Updated

Conservatives in the House of Representatives are vowing to torpedo their one-time hero, Rep. Paul Ryan of Wisconsin, who is mulling going for the speaker post, over the one issue they accuse him of being too liberal on — immigration.

Ryan was a force behind GOP budgets that, as the Wall Street Journal puts it, “broke new ground in defining Republicans as the party of small government.”

It called for dramatic changes in spending, as well as Medicaid and Medicare.

While that helped him get crowned as a true conservative years ago, an increasingly vocal faction in the House that favors strict immigration measures is casting Ryan as a liberal loose canon on one of the most divisive issues in Congress.

Rep. Steve King, the Iowa Republican who is a leading hardline voice on immigration, said to Politico that there would be a “major intraparty battle over immigration if Paul comes forward” to succeed House Speaker Rep. John Boehner, who has resigned amid mounting opposition to his leadership from his chamber’s most conservative faction.

“A majority of the conference is on my side of this argument,” King added.

Ryan’s moderate views on immigration date back to at least the early 1990s, when he opposed a restrictive California immigration ballot.

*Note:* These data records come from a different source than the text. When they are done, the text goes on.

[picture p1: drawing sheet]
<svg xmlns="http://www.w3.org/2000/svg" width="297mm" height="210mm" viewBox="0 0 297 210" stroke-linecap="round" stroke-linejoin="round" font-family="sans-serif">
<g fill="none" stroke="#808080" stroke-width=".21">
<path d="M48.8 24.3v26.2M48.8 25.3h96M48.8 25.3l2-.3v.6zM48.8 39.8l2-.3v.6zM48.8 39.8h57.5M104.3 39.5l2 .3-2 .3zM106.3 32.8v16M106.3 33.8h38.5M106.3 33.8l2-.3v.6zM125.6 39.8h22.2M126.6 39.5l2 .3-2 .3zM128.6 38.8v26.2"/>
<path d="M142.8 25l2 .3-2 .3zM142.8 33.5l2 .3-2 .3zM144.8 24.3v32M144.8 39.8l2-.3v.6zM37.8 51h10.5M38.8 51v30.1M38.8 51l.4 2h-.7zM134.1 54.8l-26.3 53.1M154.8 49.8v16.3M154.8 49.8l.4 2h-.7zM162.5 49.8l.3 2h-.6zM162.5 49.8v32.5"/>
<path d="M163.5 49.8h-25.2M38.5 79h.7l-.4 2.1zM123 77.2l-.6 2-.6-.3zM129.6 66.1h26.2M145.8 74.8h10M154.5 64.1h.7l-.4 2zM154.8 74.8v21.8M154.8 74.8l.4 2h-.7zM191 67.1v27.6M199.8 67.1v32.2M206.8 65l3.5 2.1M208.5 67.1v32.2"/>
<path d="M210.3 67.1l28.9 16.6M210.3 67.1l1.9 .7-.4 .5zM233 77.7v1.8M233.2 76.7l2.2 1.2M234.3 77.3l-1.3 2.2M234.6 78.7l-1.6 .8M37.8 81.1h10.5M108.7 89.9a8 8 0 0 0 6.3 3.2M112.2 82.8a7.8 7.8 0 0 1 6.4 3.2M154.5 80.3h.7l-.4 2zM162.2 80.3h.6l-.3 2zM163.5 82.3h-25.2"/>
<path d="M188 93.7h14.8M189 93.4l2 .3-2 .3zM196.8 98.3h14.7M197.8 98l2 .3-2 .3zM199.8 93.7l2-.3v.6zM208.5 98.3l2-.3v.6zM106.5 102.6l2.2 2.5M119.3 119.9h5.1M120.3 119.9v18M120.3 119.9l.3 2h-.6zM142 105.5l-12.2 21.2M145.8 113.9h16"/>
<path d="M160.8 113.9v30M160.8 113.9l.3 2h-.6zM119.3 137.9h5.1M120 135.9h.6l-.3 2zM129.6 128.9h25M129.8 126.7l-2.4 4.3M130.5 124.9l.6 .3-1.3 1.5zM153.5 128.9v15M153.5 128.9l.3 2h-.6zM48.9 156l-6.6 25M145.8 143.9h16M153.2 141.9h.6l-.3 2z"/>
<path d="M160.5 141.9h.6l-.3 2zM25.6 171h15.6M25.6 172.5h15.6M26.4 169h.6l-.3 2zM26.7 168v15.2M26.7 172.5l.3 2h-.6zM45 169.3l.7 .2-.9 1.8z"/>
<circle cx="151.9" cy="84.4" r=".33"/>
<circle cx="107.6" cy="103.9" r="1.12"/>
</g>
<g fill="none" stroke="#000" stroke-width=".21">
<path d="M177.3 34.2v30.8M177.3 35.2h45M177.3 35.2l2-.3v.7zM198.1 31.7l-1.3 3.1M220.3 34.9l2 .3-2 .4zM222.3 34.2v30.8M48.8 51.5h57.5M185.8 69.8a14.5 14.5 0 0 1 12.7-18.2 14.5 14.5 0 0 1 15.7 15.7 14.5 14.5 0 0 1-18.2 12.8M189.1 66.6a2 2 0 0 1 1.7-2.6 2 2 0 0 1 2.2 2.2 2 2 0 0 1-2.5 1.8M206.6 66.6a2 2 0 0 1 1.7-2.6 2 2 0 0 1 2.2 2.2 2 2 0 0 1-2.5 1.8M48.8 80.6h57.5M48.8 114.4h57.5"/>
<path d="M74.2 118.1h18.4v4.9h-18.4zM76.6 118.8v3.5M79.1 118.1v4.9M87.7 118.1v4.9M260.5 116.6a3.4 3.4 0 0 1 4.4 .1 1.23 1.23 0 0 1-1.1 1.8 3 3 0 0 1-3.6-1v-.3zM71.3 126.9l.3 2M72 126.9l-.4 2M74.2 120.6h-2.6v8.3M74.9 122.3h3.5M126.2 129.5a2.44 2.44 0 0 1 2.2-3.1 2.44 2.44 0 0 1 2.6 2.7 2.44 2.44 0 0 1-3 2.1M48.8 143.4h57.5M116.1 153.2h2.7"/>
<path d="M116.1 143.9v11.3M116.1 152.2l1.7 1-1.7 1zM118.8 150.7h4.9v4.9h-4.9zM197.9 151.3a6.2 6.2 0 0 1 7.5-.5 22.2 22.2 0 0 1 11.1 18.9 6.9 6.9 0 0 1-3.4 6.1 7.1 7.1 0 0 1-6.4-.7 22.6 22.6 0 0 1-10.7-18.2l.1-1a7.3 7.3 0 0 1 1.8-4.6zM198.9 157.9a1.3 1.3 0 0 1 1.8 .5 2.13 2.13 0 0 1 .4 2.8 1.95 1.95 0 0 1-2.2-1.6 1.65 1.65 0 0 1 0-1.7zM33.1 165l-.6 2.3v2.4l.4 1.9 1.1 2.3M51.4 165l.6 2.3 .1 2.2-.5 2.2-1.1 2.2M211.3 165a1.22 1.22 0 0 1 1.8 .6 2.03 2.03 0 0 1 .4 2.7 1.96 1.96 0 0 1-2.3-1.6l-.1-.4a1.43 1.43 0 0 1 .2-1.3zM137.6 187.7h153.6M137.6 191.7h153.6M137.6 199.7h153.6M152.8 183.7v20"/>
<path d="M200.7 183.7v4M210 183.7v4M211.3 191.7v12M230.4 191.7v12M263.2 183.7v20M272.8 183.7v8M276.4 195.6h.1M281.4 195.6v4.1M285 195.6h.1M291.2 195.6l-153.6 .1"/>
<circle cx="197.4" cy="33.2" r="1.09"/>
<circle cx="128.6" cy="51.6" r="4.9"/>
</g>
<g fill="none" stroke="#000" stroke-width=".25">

He played a key role behind the scenes in trying to build support in his party for a comprehensive immigration reform measure that would tighten border security and provide a pathway to legal status for undocumented immigrants.

The King faction of the House is adamantly opposed to providing a pathway to legal status for undocumented immigrants, or providing any breaks to them. They argue that such moves amount to amnesty, and rewarding lawbreakers.

In 2013, the Senate passed a bipartisan comprehensive immigration reform measure, but that effort failed to gain traction in the House.

Ryan had under-the-radar meetings with Sen. Chuck Schumer, a Democrat who played a pivotal role in the upper chamber’s bipartisan reform bill, in the hopes of doing what he could to see a similar effort advance in the House, according to Politico.

“He thought it was in the economic interest of America” to pass immigration reform, Politico quoted an unidentified person as saying.

Ryan is being mentioned as a possible successor to Boehner only because many Republicans in the House like him, and believe he can get enough support from different factions in the chamber to be chosen as speaker as well as build consensus on legislative proposals.

For his part, Ryan is said to be a reluctant candidate.

Reportedly, he had said to some fellow members of Congress that he didn’t envy the job the Boehner had.

King says he favors Rep. Daniel Webster, of Florida, to be the new speaker.

Rep. Mo Brooks told reporters that Ryan would have to commit not to push comprehensive immigration reform before he would have a prayer at being a serious contender for speaker.

Politico noted that conservative talk show hosts also have gotten onto the anti-Ryan bandwagon. Conservative talk show host Mark Levin tweeted: “NOT SO FAST! Paul Ryan an amnesty advocate, along with his buddy Luis Gutierrez.”

Immigration, Politico said, actually is not the only area where Ryan has acted a bit too moderately for his conservative brethren.

He supported a budget deal that increased some spending, and voted in favor of the $700 billion bank bailout at the height of the 2008 financial crisis.

But while those give conservatives pause, the real deal-breaker is his immigration stance, which he has been willing to defend before his GOP colleagues.

“He has always worked for the crony capitalists on immigration,” said Roy Beck, the president of Numbers USA, which works to limit immigration into the United States. “He was a young guy [during the 1990s fight]. But that was the ideology he learned.”